I did admire the cutaway scenes to the pursuing posse, led by a somewhat progressive sheriff (Theodore Bikel, who also got an Oscar nod) with a distaste for employing harsher methods like attack dogs. He's badgered by a gung-ho state trooper — played by famously gravel-voiced character actor Charles McGraw, who also was the gladiator trainer in "Spartacus" — who deems the sheriff soft.
The final act is where things fall utterly apart. After finally coming to blows, Cullen and Joker stumble across a lonely farm wife (Cara Williams) and her young son. Although she's initially a hostage, the woman (who is never named) helps the two prisoners break their chains, feeds them and nurses Joker back to health after he collapses from his injuries and ordeal.
Then, the predictable happens: She and Joker fall in love. Or at least lust. Or something. After having sex, they wake up early in the morning before Cullen and her son and resolve to take her car and run off on both of them.

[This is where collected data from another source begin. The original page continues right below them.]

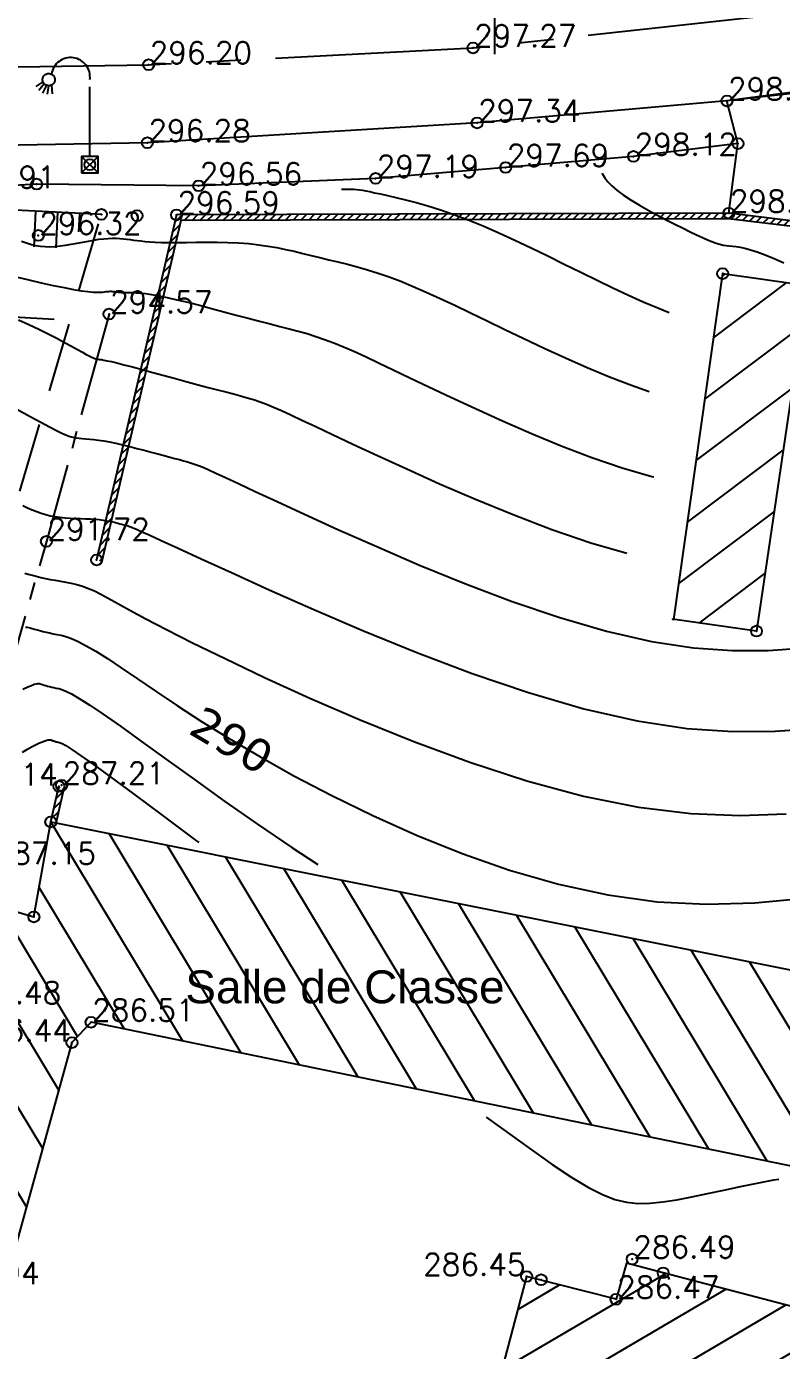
# Model space of a CAD drawing. Header units: millimetres. Extents: x 524954 to 526204, y 9523489 to 9524010.
# Drawn here: x 525878.6 to 525913.1, y 9523738.4 to 9523798.8 of the extents above; entities that cross this region are included whole.
import ezdxf
from ezdxf.enums import TextEntityAlignment as Align

# ---------------------------------------------------------------- set-up
doc = ezdxf.new("R2010")
doc.units = ezdxf.units.MM
doc.header["$PDMODE"] = 32
doc.header["$PDSIZE"] = 0.5
doc.linetypes.add('AXES2', pattern=[28.575, 19.05, -3.175, 3.175, -3.175])
doc.linetypes.add('CACHE2', pattern=[4.7625, 3.175, -1.5875])
for name, color, linetype in [('Axe_Piste', 3, 'AXES2'), ('Axe_Route_Existante', 1, 'AXES2'), ('Bas_Talus', 40, 'CACHE2'), ('Bati', 6, 'Continuous'), ('Bati_H', 1, 'Continuous'), ('Bord_Route_Existante', 6, 'Continuous'), ('Borde_Piste', 7, 'CACHE2'), ('Carroyage', 7, 'Continuous'), ('Cloture', 7, 'Continuous'), ('CN_01_00', 3, 'Continuous'), ('CN_02_00', 4, 'Continuous'), ('CN_05_00', 6, 'Continuous'), ('CN_10_00', 1, 'Continuous'), ('Cotation Courbes de niveau', 7, 'Continuous'), ('Haut_Talus', 30, 'Continuous'), ('Murs', 1, 'Continuous'), ('Réseau_Electrique', 1, 'CACHE2'), ('Talus', 2, 'Continuous'), ('TopoAlt', 3, 'Continuous'), ('TOPOJIS', 7, 'Continuous'), ('Toponomie', 7, 'CACHE2')]:
    doc.layers.add(name, color=color, linetype=linetype)
doc.layers.add('Bord_Route_Existante_POLY3D', color=6, linetype='Continuous', plot=False)
doc.layers.add('Trottoir', color=7, linetype='Continuous', true_color=0xff6666)
doc.styles.add('Simplex 1.0', font='Simplex.shx', dxfattribs={"width": 0.99, "height": 1})
doc.styles.get("Standard").update_dxf_attribs({"font": 'arial.ttf'})
doc.styles.add('Verdana 1.0', font='verdana.ttf', dxfattribs={"width": 0.99, "height": 1})
pattern_1 = [(45, (0, 0), (-0.1767766952966, 0.1767766952966), [])]

# ---------------------------------------------------------------- blocks, each defined once
blk = doc.blocks.new('TCPOINT M')
at = {"color": 0}
blk.add_point((0, 0), dxfattribs=at)
at = {"layer": 'TopoAlt', "style": 'Simplex 1.0', "width": 0.99}
blk.add_attdef('ALT', (0.15, 0.15), '', height=1, dxfattribs=at)
blk = doc.blocks.new('l006')
at = {"color": 0, "linetype": 'Continuous'}
for p, q in [((-0.374983, 0.374983), (0.374983, -0.374983)), ((0.374983, 0.374983), (-0.374983, -0.374983))]:
    blk.add_line(p, q, dxfattribs=at)
at = {"color": 0}
for points in [[(-2.13811, 3.780655), (-2.462092, 3.556373)], [(-2.076053, 3.680811), (-2.327604, 3.38372)], [(-1.751571, 3.624204), (-1.711147, 3.227417)], [(0, 0.374983), (0, 3.874983)], [(-1.982361, 3.616916), (-2.1506, 3.266515)], [(-1.881771, 3.595557), (-1.952051, 3.211468)]]:
    blk.add_lwpolyline(points, dxfattribs=at)
at = {"color": 0, "linetype": 'Continuous'}
blk.add_lwpolyline([(-0.374983, -0.374983), (0.374983, -0.374983), (0.374983, 0.374983), (-0.374983, 0.374983)], close=True, dxfattribs=at)
at = {"color": 0}
blk.add_circle((-1.875, 3.874983), 0.279508, dxfattribs=at)
blk.add_arc((-0.875, 3.999983), 0.883883, 351.869898, 171.869898, dxfattribs=at)

msp = doc.modelspace()

# ---------------------------------------------------------------- hatches: boundary and pattern name
at = {"layer": 'Bati_H'}
h = msp.add_hatch(dxfattribs=at)
h.set_pattern_fill('_U', color=256, scale=2, angle=36.94642, style=0, pattern_type=0)
h.set_pattern_definition([(36.946415026, (0, 0), (-1.20213569762, 1.5983959974), [])])
h.paths.add_polyline_path([(525910.387, 9523787.504), (525914.257, 9523786.956), (525911.929, 9523771.207), (525908.104, 9523771.748), (525908.157, 9523771.741)])
h = msp.add_hatch(dxfattribs=at)
h.set_pattern_fill('_U', color=256, scale=2, angle=-58.92908, style=0, pattern_type=0)
h.set_pattern_definition([(301.070916363, (0, 0), (1.7130583386, 1.0321972334), [])])
h.paths.add_polyline_path([(525923.191, 9523748.26), (525922.383, 9523745.003), (525881.585, 9523753.383), (525880.715, 9523752.455), (525877.469, 9523740.728), (525871.811, 9523742.213), (525875.508, 9523754.178), (525877.11, 9523758.739), (525878.976, 9523758.184), (525879.749, 9523762.513), (525924.55, 9523753.55), (525923.235, 9523748.249)])
h = msp.add_hatch(dxfattribs=at)
h.set_pattern_fill('_U', color=256, scale=2, angle=210.34413, style=0, pattern_type=0)
h.set_pattern_definition([(210.344134748, (0, 0), (1.01038508956, -1.7260133171), [])])
h.paths.add_polyline_path([(525935.33, 9523734.728), (525907.673, 9523741.961), (525906.007, 9523742.396), (525905.528, 9523740.754), (525901.447, 9523741.794), (525898.469, 9523730.541), (525902.597, 9523729.664), (525902.123, 9523727.661), (525931.044, 9523719.911), (525931.429, 9523719.811)])
at = {"layer": 'Murs'}
h = msp.add_hatch(dxfattribs=at)
h.set_pattern_fill('_U', color=256, scale=0.25, angle=45, style=0, pattern_type=0)
h.set_pattern_definition(pattern_1)
h.paths.add_polyline_path([(525943.497, 9523786.499), (525914.617, 9523789.775), (525910.667, 9523790.252), (525885.48, 9523790.176), (525881.837, 9523774.452), (525882.08, 9523774.395), (525885.678, 9523789.927), (525910.652, 9523790.001), (525914.588, 9523789.526), (525943.468, 9523786.25)])
h = msp.add_hatch(dxfattribs=at)
h.set_pattern_fill('_U', color=256, scale=0.25, angle=45, style=0, pattern_type=0)
h.set_pattern_definition(pattern_1)
h.paths.add_polyline_path([(525879.749, 9523762.513), (525880.118, 9523764.129), (525880.362, 9523764.073), (525879.993, 9523762.457)])

# ---------------------------------------------------------------- linework, layer by layer
at = {"layer": 'Axe_Piste', "ltscale": 0.25, "elevation": 294.57, "flags": 128}
msp.add_lwpolyline([(525882.404, 9523785.656), (525879.549, 9523775.296), (525875.469, 9523761.025)], dxfattribs=at)
at = {"layer": 'Axe_Route_Existante', "ltscale": 0.5, "flags": 128}
msp.add_lwpolyline([(525586.699, 9523773.004), (525594.438, 9523777.106), (525618.223, 9523789.407), (525625.013, 9523793.73), (525631.595, 9523797.596), (525637.632, 9523800.898), (525652.791, 9523807.42), (525669.106, 9523811.823), (525685.979, 9523814.884), (525693.088, 9523815.654), (525707.454, 9523816.694), (525717.039, 9523816.84), (525725.297, 9523816.644), (525729.698, 9523816.378), (525741.406, 9523815.177), (525741.84, 9523815.117), (525749.699, 9523813.877), (525775.145, 9523809.302), (525803.422, 9523804.201), (525817.048, 9523801.682), (525827.851, 9523799.771), (525839.056, 9523798.429), (525854.65, 9523797.376), (525870.172, 9523796.814), (525884.208, 9523797.02), (525899.003, 9523797.789), (525917.125, 9523799.773), (525932.341, 9523803.156), (525937.747, 9523804.809), (525941.803, 9523806.256), (525947.141, 9523808.768), (525964.848, 9523819.198), (525980.541, 9523832.453), (525991.817, 9523846.401), (526001.896, 9523863.645), (526032.968, 9523917.472), (526051.53, 9523951.634), (526076.259, 9523995.188)], dxfattribs=at)
at = {"layer": 'Bas_Talus', "flags": 128}
msp.add_lwpolyline([(525839.037, 9523788.415), (525854.848, 9523787.148), (525871.519, 9523785.902), (525879.904, 9523785.426)], dxfattribs=at)
at = {"layer": 'Bati', "flags": 128}
for points in [[(525910.387, 9523787.504), (525914.257, 9523786.956), (525911.929, 9523771.207), (525908.104, 9523771.748), (525908.157, 9523771.741)], [(525923.191, 9523748.26), (525922.383, 9523745.003), (525881.585, 9523753.383), (525880.715, 9523752.455), (525877.469, 9523740.728), (525871.811, 9523742.213), (525875.508, 9523754.178), (525875.508, 9523754.178), (525877.11, 9523758.739), (525878.976, 9523758.184), (525879.749, 9523762.513), (525924.55, 9523753.55), (525923.235, 9523748.249)], [(525935.33, 9523734.728), (525907.673, 9523741.961), (525906.007, 9523742.396), (525905.528, 9523740.754), (525901.447, 9523741.794), (525898.469, 9523730.541), (525902.597, 9523729.664), (525902.123, 9523727.661), (525931.044, 9523719.911), (525931.429, 9523719.811)]]:
    msp.add_lwpolyline(points, close=True, dxfattribs=at)
at = {"layer": 'Bord_Route_Existante', "flags": 128}
for points in [[(526005.046, 9523861.929), (525996.6, 9523847.299), (525994.689, 9523844.347), (525983.277, 9523830.232), (525967.105, 9523816.393), (525948.42, 9523805.544), (525945.886, 9523804.22), (525940.911, 9523802.137), (525933.059, 9523799.742), (525917.724, 9523796.301), (525910.579, 9523795.372), (525899.19, 9523794.37), (525884.152, 9523793.467), (525869.882, 9523793.206)], [(525910.667, 9523790.252), (525911.085, 9523793.428), (525910.579, 9523795.372)]]:
    msp.add_lwpolyline(points, dxfattribs=at)
at = {"layer": 'Bord_Route_Existante_POLY3D'}
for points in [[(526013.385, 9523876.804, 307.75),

Cullen wakes up and overhears their conversation, realizing that he's no longer necessary to Joker.
The woman gives Cullen false directions to the railroad tracks through the swamp, believing he will be swallowed up by the bog and not be able to give away their plans. Joker discovers her ruse and is enraged, racing after his friend to save him after being shot by the boy when he wrestles with his mother. Joker and Cullen fail to catch the train — Cullen makes it aboard but refuses to let go of the injured Joker and is pulled off — and are caught by the sheriff, wrapped in each others' arms.
This whole sequence is either way too short or too long. The idea that a woman would be willing to abandon her life and child for a man she's only met a few hours earlier — a runaway prisoner at that — simply strains credulity to the breaking point. Granted, she's lonely and dreams of life in a big city, but to believe she's that desperate, we would need to know a lot more about the character than we learn in a relatively short amount of screen time.
As Joker points out right before running off, she doesn't even know his name.
I wanted to like "The Defiant Ones," but its strident moralizing and hammy story construction put it into the "Bad Kramer" file for me.